Estava tentando ser um marido e filho mais dedicado no decorrer daquela semana. Considerei que, talvez, se tomasse cada segundo do meu tempo com tarefas e preocupações sobre outras pessoas na minha vida, seria mais manejável obliterar-me dos meus pecados e as sensações intensas que provocavam em meu corpo e mente - sendo praticados, ou somente pensados.

Naquela quinta feira, em questão, acordei me sentindo um tanto quanto ansioso. Yoon-ju e eu jantaríamos  na casa dos nossos pais, mas Hyu-jin não estaria presente, já que tinha marcado uma pequena reunião com suas amigas do serviço após o trabalho. Desde agora, conseguia sentir uma aflição certeira sobre os questionamentos que o meu abeoji faria durante a refeição, fazendo valer a ausência atípica da minha esposa, como fizera algumas vezes, desde que havia sido demitido.

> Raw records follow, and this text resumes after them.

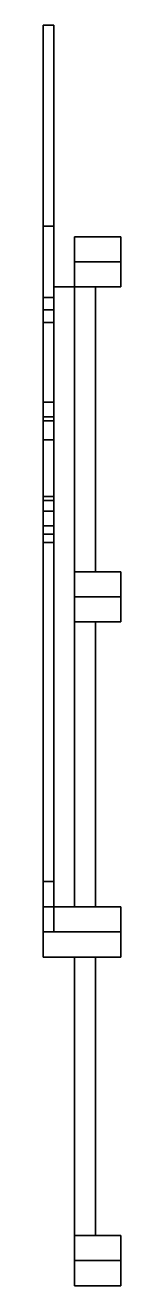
# Model space of a CAD drawing. Extents: x -1.2 to -0.83, y -3.54 to 2.48.
import ezdxf

# ---------------------------------------------------------------- set-up
doc = ezdxf.new("R2010")
doc.units = 0
doc.layers.add('BARS', color=1, linetype='CONTINUOUS')

msp = doc.modelspace()

# ---------------------------------------------------------------- linework, layer by layer
at = {"layer": 'BARS'}
for points in [[(-1.2, 1.18, 0.81), (-1.2, 2.48, 0.81), (-1.2, 2.48, 0.76), (-1.2, 1.18, 0.76)], [(-1.2, 1.18, 0.76), (-1.2, 2.48, 0.76), (-1.15, 2.48, 0.76), (-1.15, 1.18, 0.76)], [(-1.15, 1.18, 0.81), (-1.15, 2.48, 0.81), (-1.2, 2.48, 0.81), (-1.2, 1.18, 0.81)], [(-1.2, 1.52, 1.44), (-1.2, 2.48, 1.44), (-1.2, 2.48, 1.39), (-1.2, 1.52, 1.39)], [(-1.15, 1.52, 1.44), (-1.15, 2.48, 1.44), (-1.2, 2.48, 1.44), (-1.2, 1.52, 1.44)], [(-1.2, 1.52, 1.39), (-1.2, 2.48, 1.39), (-1.15, 2.48, 1.39), (-1.15, 1.52, 1.39)], [(-1.2, 0.59, 1.33), (-1.2, 1.52, 1.39), (-1.15, 1.52, 1.39), (-1.15, 0.59, 1.33)], [(-1.15, 0.6093, 1.4008), (-1.15, 1.52, 1.44), (-1.2, 1.52, 1.44), (-1.2, 0.6093, 1.4008)], [(-1.2, 0.59, 1.4), (-1.2, 1.52, 1.44), (-1.2, 1.52, 1.39), (-1.2, 0.59, 1.33)], [(-1.05, 1.35, 0.79), (-1.05, 1.47, 0.88), (-0.83, 1.47, 0.88), (-0.83, 1.35, 0.79)], [(-1.05, 1.47, 0.98), (-1.05, 1.47, 0.88), (-1.05, 1.35, 0.79), (-1.05, 1.35, 1.06)], [(-0.83, 1.35, 1.06), (-0.83, 1.47, 0.98), (-1.05, 1.47, 0.98), (-1.05, 1.35, 1.06)], [(-0.83, 1.47, 0.98), (-0.83, 1.47, 0.88), (-1.05, 1.47, 0.88), (-1.05, 1.47, 0.98)], [(-0.83, 1.35, 0.79), (-0.83, 1.23, 0.88), (-1.05, 1.23, 0.88), (-1.05, 1.35, 0.79)], [(-1.05, 1.23, 0.88), (-1.05, 1.23, 0.98), (-1.05, 1.35, 1.06), (-1.05, 1.35, 0.79)], [(-1.05, 1.35, 1.06), (-1.05, 1.23, 0.98), (-0.83, 1.23, 0.98), (-0.83, 1.35, 1.06)], [(-1.15, -1.73, 0.88), (-1.15, 1.23, 0.71), (-1.05, 1.23, 0.71), (-1.05, -1.73, 0.88)], [(-1.05, -1.73, 0.98), (-1.05, 1.23, 0.85), (-1.15, 1.23, 0.85), (-1.15, -1.73, 0.98)], [(-1.15, 1.23, 0.85), (-1.15, 1.23, 0.71), (-1.15, -1.73, 0.88), (-1.15, -1.73, 0.98)], [(-1.05, 1.23, 0.85), (-1.05, 1.23, 0.71), (-1.15, 1.23, 0.71), (-1.15, 1.23, 0.85)], [(-1.05, 1.23, 0.98), (-1.05, 1.23, 0.88), (-1.05, -0.13, 0.88), (-1.05, -0.13, 0.98)], [(-1.05, -0.13, 0.88), (-1.05, 1.23, 0.88), (-0.95, 1.23, 0.88), (-0.95, -0.13, 0.88)], [(-0.95, -0.13, 0.98), (-0.95, 1.23, 0.98), (-1.05, 1.23, 0.98), (-1.05, -0.13, 0.98)], [(-0.83, 1.23, 0.88), (-0.83, 1.23, 0.98), (-0.95, 1.23, 0.98), (-0.95, 1.23, 0.88)], [(-1.2, 1.12, 0.72), (-1.2, 1.18, 0.76), (-1.15, 1.18, 0.76), (-1.15, 1.12, 0.72)], [(-1.15, 1.12, 0.87), (-1.15, 1.18, 0.81), (-1.2, 1.18, 0.81), (-1.2, 1.12, 0.87)], [(-1.2, 1.12, 0.87), (-1.2, 1.18, 0.81), (-1.2, 1.18, 0.76), (-1.2, 1.12, 0.72)], [(-1.2, 1.06, 0.83), (-1.2, 1.12, 0.87), (-1.2, 1.12, 0.72), (-1.2, 1.06, 0.77)], [(-1.15, 1.06, 0.83), (-1.15, 1.12, 0.87), (-1.2, 1.12, 0.87), (-1.2, 1.06, 0.83)], [(-1.2, 1.06, 0.77), (-1.2, 1.12, 0.72), (-1.15, 1.12, 0.72), (-1.15, 1.06, 0.77)], [(-1.15, 0.01, 0.83), (-1.15, 1.06, 0.83), (-1.2, 1.06, 0.83), (-1.2, 0.01, 0.83)], [(-1.2, 0.01, 0.83), (-1.2, 1.06, 0.83), (-1.2, 1.06, 0.77), (-1.2, 0.01, 0.77)], [(-1.2, 0.01, 0.77), (-1.2, 1.06, 0.77), (-1.15, 1.06, 0.77), (-1.15, 0.01, 0.77)], [(-1.2, 0.59, 1.61), (-1.2, 0.68, 1.64), (-1.2, 0.68, 1.55), (-1.2, 0.59, 1.36)], [(-1.2, 0.68, 1.55), (-1.2, 0.68, 1.64), (-1.15, 0.68, 1.64), (-1.15, 0.68, 1.55)], [(-1.15, 0.59, 1.61), (-1.15, 0.68, 1.64), (-1.2, 0.68, 1.64), (-1.2, 0.59, 1.61)], [(-1.2, 0.6093, 1.4008), (-1.2, 0.68, 1.55), (-1.15, 0.68, 1.55), (-1.15, 0.6093, 1.4008)], [(-1.2, 0.23, 1.46), (-1.2, 0.59, 1.61), (-1.2, 0.5, 1.08), (-1.2, 0.16, 1.25)], [(-1.15, 0.23, 1.46), (-1.15, 0.59, 1.61), (-1.2, 0.59, 1.61), (-1.2, 0.23, 1.46)], [(-1.2, 0.5, 1.08), (-1.2, 0.59, 1.61), (-1.2, 0.59, 1.61), (-1.2, 0.59, 1.08)], [(-1.2, 0.59, 1.08), (-1.2, 0.59, 1.33), (-1.15, 0.59, 1.33), (-1.15, 0.59, 1.08)], [(-1.15, 0.59, 1.08), (-1.15, 0.5, 1.08), (-1.2, 0.5, 1.08), (-1.2, 0.59, 1.08)], [(-1.2, 0.16, 1.25), (-1.2, 0.5, 1.08), (-1.15, 0.5, 1.08), (-1.15, 0.16, 1.25)], [(-1.2, 0.16, 1.49), (-1.2, 0.21, 1.49), (-1.2, 0.23, 1.46), (-1.2, 0.16, 1.25)], [(-1.2, 0.23, 1.46), (-1.2, 0.21, 1.49), (-1.15, 0.21, 1.49), (-1.15, 0.23, 1.46)], [(-1.2, 0.09, 1.29), (-1.2, 0.23, 1.22), (-1.2, 0.23, 0.83), (-1.2, 0.09, 0.83)], [(-1.2, 0.23, 0.83), (-1.2, 0.23, 1.215), (-1.15, 0.23, 1.215), (-1.15, 0.23, 0.83)], [(-1.15, 0.16, 1.49), (-1.15, 0.21, 1.49), (-1.2, 0.21, 1.49), (-1.2, 0.16, 1.49)], [(-1.15, 0.05, 1.4), (-1.15, 0.16, 1.49), (-1.2, 0.16, 1.49), (-1.2, 0.05, 1.4)], [(-1.2, 0.05, 1.4), (-1.2, 0.16, 1.49), (-1.2, 0.16, 1.25), (-1.2, 0.05, 1.3)], [(-1.2, 0.05, 1.3), (-1.2, 0.16, 1.25), (-1.15, 0.16, 1.25), (-1.15, 0.05, 1.3)], [(-1.15, 0.09, 0.83), (-1.15, 0.09, 1.2818), (-1.2, 0.09, 1.2818), (-1.2, 0.09, 0.83)], [(-1.15, 0.05, 1.3), (-1.15, 0.05, 1.4), (-1.2, 0.05, 1.4), (-1.2, 0.05, 1.3)], [(-1.2, -1.61, 0.64), (-1.2, 0.01, 0.83), (-1.2, 0.01, 0.77), (-1.2, -1.61, 0.54)], [(-1.15, -1.61, 0.64), (-1.15, 0.01, 0.83), (-1.2, 0.01, 0.83), (-1.2, -1.61, 0.64)], [(-1.2, -1.61, 0.54), (-1.2, 0.01, 0.77), (-1.15, 0.01, 0.77), (-1.15, -1.61, 0.54)], [(-1.05, -0.13, 0.98), (-1.05, -0.13, 0.88), (-1.05, -0.25, 0.79), (-1.05, -0.25, 1.06)], [(-1.05, -0.25, 0.79), (-1.05, -0.13, 0.88), (-0.83, -0.13, 0.88), (-0.83, -0.25, 0.79)], [(-0.83, -0.25, 1.06), (-0.83, -0.13, 0.98), (-1.05, -0.13, 0.98), (-1.05, -0.25, 1.06)], [(-0.83, -0.13, 0.98), (-0.83, -0.13, 0.88), (-0.95, -0.13, 0.88), (-0.95, -0.13, 0.98)], [(-1.05, -0.37, 0.88), (-1.05, -0.37, 0.98), (-1.05, -0.25, 1.06), (-1.05, -0.25, 0.79)], [(-1.05, -0.25, 1.06), (-1.05, -0.37, 0.98), (-0.83, -0.37, 0.98), (-0.83, -0.25, 1.06)], [(-0.83, -0.25, 0.79), (-0.83, -0.37, 0.88), (-1.05, -0.37, 0.88), (-1.05, -0.25, 0.79)], [(-1.05, -0.37, 0.98), (-1.05, -0.37, 0.88), (-1.05, -1.73, 0.88), (-1.05, -1.73, 0.98)], [(-0.95, -1.73, 0.98), (-0.95, -0.37, 0.98), (-1.05, -0.37, 0.98), (-1.05, -1.73, 0.98)], [(-1.05, -1.73, 0.88), (-1.05, -0.37, 0.88), (-0.95, -0.37, 0.88), (-0.95, -1.73, 0.88)], [(-0.83, -0.37, 0.88), (-0.83, -0.37, 0.98), (-0.95, -0.37, 0.98), (-0.95, -0.37, 0.88)], [(-1.15, -1.73, 0.88), (-1.15, -1.61, 0.64), (-1.2, -1.61, 0.64), (-1.2, -1.73, 0.88)], [(-1.2, -1.73, 0.88), (-1.2, -1.61, 0.64), (-1.2, -1.61, 0.54), (-1.2, -1.85, 0.79)], [(-1.2, -1.85, 0.79), (-1.2, -1.61, 0.54), (-1.15, -1.61, 0.54), (-1.15, -1.85, 0.79)], [(-1.2, -1.73, 0.98), (-1.2, -1.73, 0.88), (-1.2, -1.85, 0.79), (-1.2, -1.85, 1.06)], [(-0.83, -1.73, 0.98), (-0.83, -1.73, 0.88), (-1.2, -1.73, 0.88), (-1.2, -1.73, 0.98)], [(-0.83, -1.85, 1.06), (-0.83, -1.73, 0.98), (-1.2, -1.73, 0.98), (-1.2, -1.85, 1.06)], [(-1.15, -1.85, 0.79), (-1.15, -1.73, 0.88), (-0.83, -1.73, 0.88), (-0.83, -1.85, 0.79)], [(-1.2, -1.97, 0.88), (-1.2, -1.97, 0.98), (-1.2, -1.85, 1.06), (-1.2, -1.85, 0.79)], [(-1.2, -1.85, 1.06), (-1.2, -1.97, 0.98), (-0.83, -1.97, 0.98), (-0.83, -1.85, 1.06)], [(-0.83, -1.85, 0.79), (-0.83, -1.97, 0.88), (-1.2, -1.97, 0.88), (-1.2, -1.85, 0.79)], [(-0.83, -1.97, 0.88), (-0.83, -1.97, 0.98), (-1.2, -1.97, 0.98), (-1.2, -1.97, 0.88)], [(-1.05, -1.97, 0.98), (-1.05, -1.97, 0.88), (-1.05, -3.3, 0.88), (-1.05, -3.3, 0.98)], [(-1.05, -3.3, 0.88), (-1.05, -1.97, 0.88), (-0.95, -1.97, 0.88), (-0.95, -3.3, 0.88)], [(-0.95, -3.3, 0.98), (-0.95, -1.97, 0.98), (-1.05, -1.97, 0.98), (-1.05, -3.3, 0.98)], [(-0.83, -3.42, 1.06), (-0.83, -3.3, 0.98), (-1.05, -3.3, 0.98), (-1.05, -3.42, 1.06)], [(-1.05, -3.3, 0.98), (-1.05, -3.3, 0.88), (-1.05, -3.42, 0.79), (-1.05, -3.42, 1.06)], [(-1.05, -3.42, 0.79), (-1.05, -3.3, 0.88), (-0.83, -3.3, 0.88), (-0.83, -3.42, 0.79)], [(-0.83, -3.3, 0.98), (-0.83, -3.3, 0.88), (-0.95, -3.3, 0.88), (-0.95, -3.3, 0.98)], [(-1.05, -3.54, 0.88), (-1.05, -3.54, 0.98), (-1.05, -3.42, 1.06), (-1.05, -3.42, 0.79)], [(-0.83, -3.42, 0.79), (-0.83, -3.54, 0.88), (-1.05, -3.54, 0.88), (-1.05, -3.42, 0.79)], [(-1.05, -3.42, 1.06), (-1.05, -3.54, 0.98), (-0.83, -3.54, 0.98), (-0.83, -3.42, 1.06)], [(-0.83, -3.54, 0.88), (-0.83, -3.54, 0.98), (-1.05, -3.54, 0.98), (-1.05, -3.54, 0.88)]]:
    msp.add_3dface(points, dxfattribs=at)

doc.saveas('drawing.dxf')

“ — Você já arrumou um emprego fixo, Heung-min? Por favor, pare de causar constrangimento à imagem da nossa família perante os demais fiéis da igreja. Já lhe disse: — Basta rezar e ser temente a palavra de Deus que eu espalho na nossa igreja, que conseguirá vencer. Você não anda rezando o suficiente?”


Eu rezava diariamente e isso não deveria ser uma dúvida para ele. Continuamente, me esforçara em todas as entrevistas de emprego que consegui me inscrever, mas, ainda assim, nada justo foi pra frente, até agora. Grande parte das empresas que estavam contratando em meio a crise financeira exigiam certificados específicos e diploma de ensino superior - o que sempre me causava certo constrangimento, no momento de explicar que havia trancado o meu curso.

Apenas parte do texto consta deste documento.